> [WHAT YOU NEED TO DO]
The line containing "unnamed: R309.1, U302.13 (X)" marks the start; please restate exactly that line and only the lines following it through the end of the material below.

#####

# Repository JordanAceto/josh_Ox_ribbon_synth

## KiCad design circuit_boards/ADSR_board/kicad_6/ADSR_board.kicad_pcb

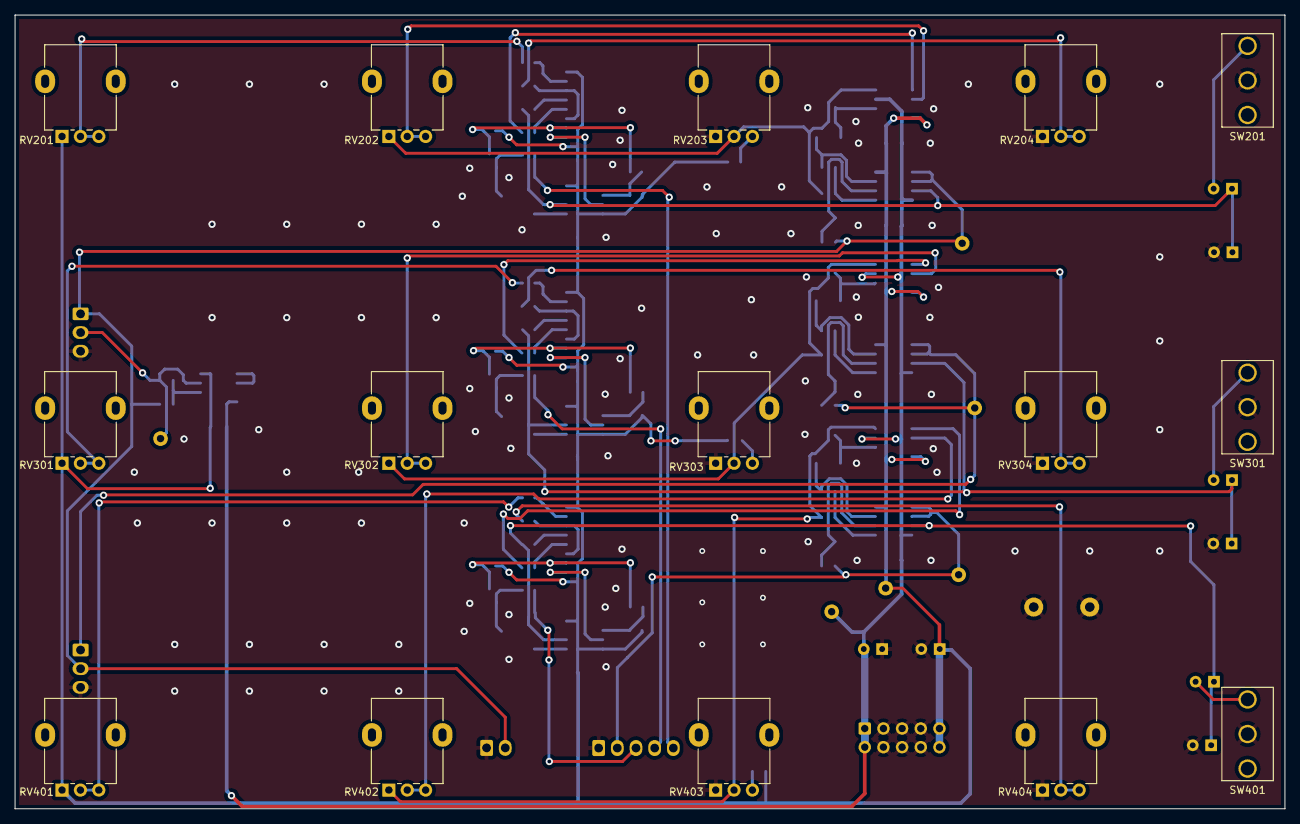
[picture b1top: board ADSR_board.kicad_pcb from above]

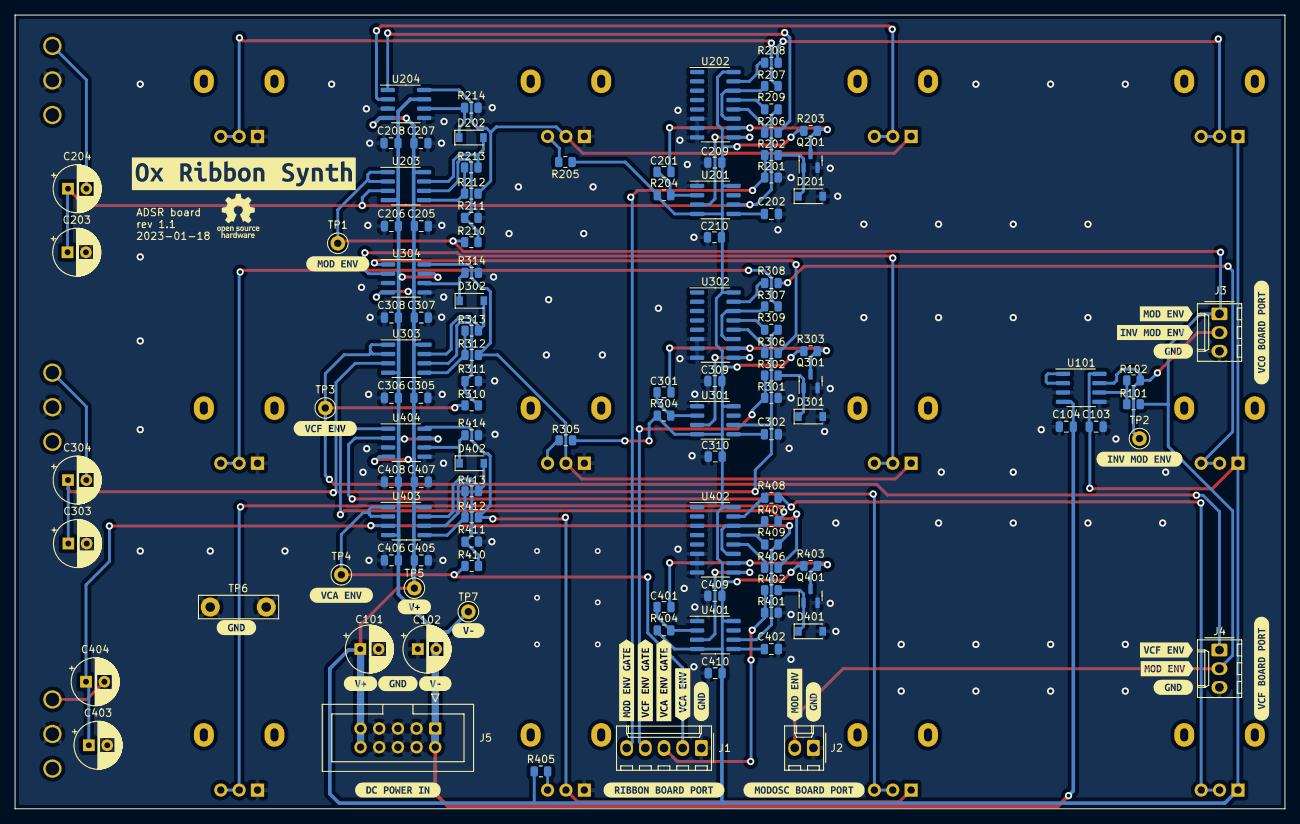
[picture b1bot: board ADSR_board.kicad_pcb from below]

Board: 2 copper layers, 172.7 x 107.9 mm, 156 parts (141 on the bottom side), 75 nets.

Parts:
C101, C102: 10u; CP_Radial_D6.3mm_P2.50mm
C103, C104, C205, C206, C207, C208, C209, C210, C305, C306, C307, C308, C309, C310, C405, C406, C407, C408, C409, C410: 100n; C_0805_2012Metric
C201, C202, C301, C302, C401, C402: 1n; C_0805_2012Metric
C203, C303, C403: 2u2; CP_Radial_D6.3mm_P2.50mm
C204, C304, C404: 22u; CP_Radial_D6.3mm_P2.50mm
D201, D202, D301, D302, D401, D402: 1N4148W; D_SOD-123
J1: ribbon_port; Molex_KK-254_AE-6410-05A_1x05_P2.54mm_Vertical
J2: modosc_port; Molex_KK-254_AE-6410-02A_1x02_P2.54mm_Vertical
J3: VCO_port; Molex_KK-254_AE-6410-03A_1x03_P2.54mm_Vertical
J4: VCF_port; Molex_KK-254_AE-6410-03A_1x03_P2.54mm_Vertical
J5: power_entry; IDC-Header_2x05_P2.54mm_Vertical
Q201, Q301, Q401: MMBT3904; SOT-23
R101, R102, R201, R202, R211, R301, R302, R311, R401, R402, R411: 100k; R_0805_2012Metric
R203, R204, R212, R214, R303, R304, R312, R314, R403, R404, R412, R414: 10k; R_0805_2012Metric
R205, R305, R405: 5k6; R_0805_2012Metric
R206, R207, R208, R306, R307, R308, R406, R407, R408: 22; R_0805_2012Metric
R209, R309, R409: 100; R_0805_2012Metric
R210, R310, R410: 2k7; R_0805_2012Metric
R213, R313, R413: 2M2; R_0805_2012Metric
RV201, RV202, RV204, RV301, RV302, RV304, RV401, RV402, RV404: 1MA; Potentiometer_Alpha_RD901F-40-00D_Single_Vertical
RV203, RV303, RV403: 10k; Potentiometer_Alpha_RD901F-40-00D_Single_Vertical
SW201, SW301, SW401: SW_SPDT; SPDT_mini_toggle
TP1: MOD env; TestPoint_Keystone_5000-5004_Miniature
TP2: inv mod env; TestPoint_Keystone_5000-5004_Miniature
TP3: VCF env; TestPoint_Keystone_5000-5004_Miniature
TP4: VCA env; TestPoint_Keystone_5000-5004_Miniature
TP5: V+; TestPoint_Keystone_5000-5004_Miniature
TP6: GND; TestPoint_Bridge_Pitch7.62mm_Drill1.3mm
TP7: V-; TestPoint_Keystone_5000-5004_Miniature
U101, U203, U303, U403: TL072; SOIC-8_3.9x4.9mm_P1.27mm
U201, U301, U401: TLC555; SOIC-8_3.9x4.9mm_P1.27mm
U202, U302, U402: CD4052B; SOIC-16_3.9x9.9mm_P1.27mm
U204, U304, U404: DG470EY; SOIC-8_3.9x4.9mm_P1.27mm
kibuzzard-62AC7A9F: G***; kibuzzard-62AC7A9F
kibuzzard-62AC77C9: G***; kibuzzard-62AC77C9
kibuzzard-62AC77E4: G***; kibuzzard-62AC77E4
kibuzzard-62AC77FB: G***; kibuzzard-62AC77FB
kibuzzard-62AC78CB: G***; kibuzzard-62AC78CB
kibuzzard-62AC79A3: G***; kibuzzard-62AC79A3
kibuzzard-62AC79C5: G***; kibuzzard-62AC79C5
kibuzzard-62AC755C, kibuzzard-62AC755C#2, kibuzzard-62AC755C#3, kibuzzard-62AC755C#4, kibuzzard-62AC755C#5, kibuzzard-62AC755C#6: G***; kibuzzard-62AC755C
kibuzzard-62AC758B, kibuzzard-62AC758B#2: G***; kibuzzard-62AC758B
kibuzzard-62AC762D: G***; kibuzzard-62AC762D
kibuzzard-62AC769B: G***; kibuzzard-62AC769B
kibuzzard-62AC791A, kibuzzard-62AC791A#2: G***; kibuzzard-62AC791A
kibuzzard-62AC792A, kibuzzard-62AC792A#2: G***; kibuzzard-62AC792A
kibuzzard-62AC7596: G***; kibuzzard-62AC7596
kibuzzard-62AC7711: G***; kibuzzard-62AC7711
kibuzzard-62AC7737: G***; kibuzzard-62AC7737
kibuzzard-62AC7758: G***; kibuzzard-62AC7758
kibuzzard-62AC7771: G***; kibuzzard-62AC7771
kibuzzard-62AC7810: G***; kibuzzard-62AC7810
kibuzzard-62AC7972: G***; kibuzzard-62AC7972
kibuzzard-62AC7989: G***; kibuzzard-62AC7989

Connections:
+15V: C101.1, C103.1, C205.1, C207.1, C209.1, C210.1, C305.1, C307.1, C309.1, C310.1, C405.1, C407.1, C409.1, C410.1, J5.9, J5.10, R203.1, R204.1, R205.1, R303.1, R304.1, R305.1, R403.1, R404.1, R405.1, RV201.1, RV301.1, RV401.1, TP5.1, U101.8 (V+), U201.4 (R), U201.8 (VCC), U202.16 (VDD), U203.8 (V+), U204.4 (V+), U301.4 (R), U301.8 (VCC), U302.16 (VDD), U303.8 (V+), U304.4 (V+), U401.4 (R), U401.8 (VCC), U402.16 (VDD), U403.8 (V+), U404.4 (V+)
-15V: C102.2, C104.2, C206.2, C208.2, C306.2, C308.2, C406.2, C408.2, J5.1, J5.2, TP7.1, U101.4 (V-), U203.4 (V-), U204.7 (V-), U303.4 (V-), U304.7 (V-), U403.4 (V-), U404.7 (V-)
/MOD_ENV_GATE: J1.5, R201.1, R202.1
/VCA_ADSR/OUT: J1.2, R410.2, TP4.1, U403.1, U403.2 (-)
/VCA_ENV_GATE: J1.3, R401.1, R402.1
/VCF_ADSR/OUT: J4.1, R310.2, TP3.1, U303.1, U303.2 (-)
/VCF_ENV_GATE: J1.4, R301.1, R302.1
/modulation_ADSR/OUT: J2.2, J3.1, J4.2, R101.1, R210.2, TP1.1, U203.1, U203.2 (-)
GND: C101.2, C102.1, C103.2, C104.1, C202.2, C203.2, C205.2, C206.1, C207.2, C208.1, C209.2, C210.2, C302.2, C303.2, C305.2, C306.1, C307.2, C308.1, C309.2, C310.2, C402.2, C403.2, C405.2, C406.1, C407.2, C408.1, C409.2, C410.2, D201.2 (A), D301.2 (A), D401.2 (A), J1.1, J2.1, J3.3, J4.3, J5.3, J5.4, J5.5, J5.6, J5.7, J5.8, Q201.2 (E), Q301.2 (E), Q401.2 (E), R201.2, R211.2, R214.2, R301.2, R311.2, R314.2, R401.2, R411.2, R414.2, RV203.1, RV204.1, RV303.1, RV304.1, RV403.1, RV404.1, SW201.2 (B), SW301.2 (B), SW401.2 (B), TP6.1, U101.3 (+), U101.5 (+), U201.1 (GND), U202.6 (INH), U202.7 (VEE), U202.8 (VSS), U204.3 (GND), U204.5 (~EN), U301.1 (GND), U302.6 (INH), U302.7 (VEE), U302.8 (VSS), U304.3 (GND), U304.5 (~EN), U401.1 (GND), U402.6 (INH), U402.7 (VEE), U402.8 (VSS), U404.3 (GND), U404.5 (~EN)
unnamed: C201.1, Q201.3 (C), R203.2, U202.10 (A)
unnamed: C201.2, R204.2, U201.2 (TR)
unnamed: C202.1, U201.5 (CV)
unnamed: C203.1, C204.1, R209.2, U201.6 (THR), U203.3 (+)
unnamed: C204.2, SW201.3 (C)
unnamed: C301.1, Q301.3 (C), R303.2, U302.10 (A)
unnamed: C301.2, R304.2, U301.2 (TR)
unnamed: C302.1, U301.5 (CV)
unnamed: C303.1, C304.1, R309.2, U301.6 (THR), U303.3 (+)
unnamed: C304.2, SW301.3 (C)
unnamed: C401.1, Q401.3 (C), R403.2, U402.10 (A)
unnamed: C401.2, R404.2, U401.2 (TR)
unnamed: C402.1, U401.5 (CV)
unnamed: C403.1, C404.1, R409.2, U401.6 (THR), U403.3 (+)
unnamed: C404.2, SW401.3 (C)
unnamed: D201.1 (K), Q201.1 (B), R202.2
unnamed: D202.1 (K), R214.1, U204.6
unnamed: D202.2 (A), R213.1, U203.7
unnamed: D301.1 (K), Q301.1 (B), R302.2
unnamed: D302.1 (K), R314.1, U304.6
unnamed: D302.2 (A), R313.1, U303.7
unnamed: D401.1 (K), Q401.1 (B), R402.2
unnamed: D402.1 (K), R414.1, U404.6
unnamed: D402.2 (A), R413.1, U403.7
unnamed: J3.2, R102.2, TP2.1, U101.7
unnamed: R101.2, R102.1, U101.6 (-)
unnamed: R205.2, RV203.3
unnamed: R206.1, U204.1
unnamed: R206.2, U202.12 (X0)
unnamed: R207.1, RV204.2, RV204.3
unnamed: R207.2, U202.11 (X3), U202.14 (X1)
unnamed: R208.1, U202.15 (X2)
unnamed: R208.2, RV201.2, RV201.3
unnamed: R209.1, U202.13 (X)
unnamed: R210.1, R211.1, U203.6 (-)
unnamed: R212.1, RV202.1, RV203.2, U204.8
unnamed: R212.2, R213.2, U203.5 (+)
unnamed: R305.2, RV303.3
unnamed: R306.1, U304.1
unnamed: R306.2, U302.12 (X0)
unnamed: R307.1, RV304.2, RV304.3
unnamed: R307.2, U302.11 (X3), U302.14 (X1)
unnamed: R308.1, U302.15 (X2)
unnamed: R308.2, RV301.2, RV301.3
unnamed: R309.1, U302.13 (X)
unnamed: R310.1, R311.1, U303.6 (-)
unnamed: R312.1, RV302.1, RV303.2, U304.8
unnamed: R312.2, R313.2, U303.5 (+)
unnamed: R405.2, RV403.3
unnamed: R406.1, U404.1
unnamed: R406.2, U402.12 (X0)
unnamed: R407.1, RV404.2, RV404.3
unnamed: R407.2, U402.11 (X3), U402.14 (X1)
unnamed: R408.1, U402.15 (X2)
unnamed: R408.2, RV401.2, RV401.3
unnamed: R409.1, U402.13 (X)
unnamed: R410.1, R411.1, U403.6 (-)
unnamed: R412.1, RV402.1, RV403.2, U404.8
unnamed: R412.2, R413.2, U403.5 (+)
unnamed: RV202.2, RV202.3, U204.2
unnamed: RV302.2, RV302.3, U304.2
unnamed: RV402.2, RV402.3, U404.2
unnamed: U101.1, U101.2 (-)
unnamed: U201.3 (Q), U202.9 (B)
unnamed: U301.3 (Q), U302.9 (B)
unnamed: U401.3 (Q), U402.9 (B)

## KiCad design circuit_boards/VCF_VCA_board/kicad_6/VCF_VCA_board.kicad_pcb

#####

> [EXERCISE ANSWER]
unnamed: R309.1, U302.13 (X)
unnamed: R310.1, R311.1, U303.6 (-)
unnamed: R312.1, RV302.1, RV303.2, U304.8
unnamed: R312.2, R313.2, U303.5 (+)
unnamed: R405.2, RV403.3
unnamed: R406.1, U404.1
unnamed: R406.2, U402.12 (X0)
unnamed: R407.1, RV404.2, RV404.3
unnamed: R407.2, U402.11 (X3), U402.14 (X1)
unnamed: R408.1, U402.15 (X2)
unnamed: R408.2, RV401.2, RV401.3
unnamed: R409.1, U402.13 (X)
unnamed: R410.1, R411.1, U403.6 (-)
unnamed: R412.1, RV402.1, RV403.2, U404.8
unnamed: R412.2, R413.2, U403.5 (+)
unnamed: RV202.2, RV202.3, U204.2
unnamed: RV302.2, RV302.3, U304.2
unnamed: RV402.2, RV402.3, U404.2
unnamed: U101.1, U101.2 (-)
unnamed: U201.3 (Q), U202.9 (B)
unnamed: U301.3 (Q), U302.9 (B)
unnamed: U401.3 (Q), U402.9 (B)

## KiCad design circuit_boards/VCF_VCA_board/kicad_6/VCF_VCA_board.kicad_pcb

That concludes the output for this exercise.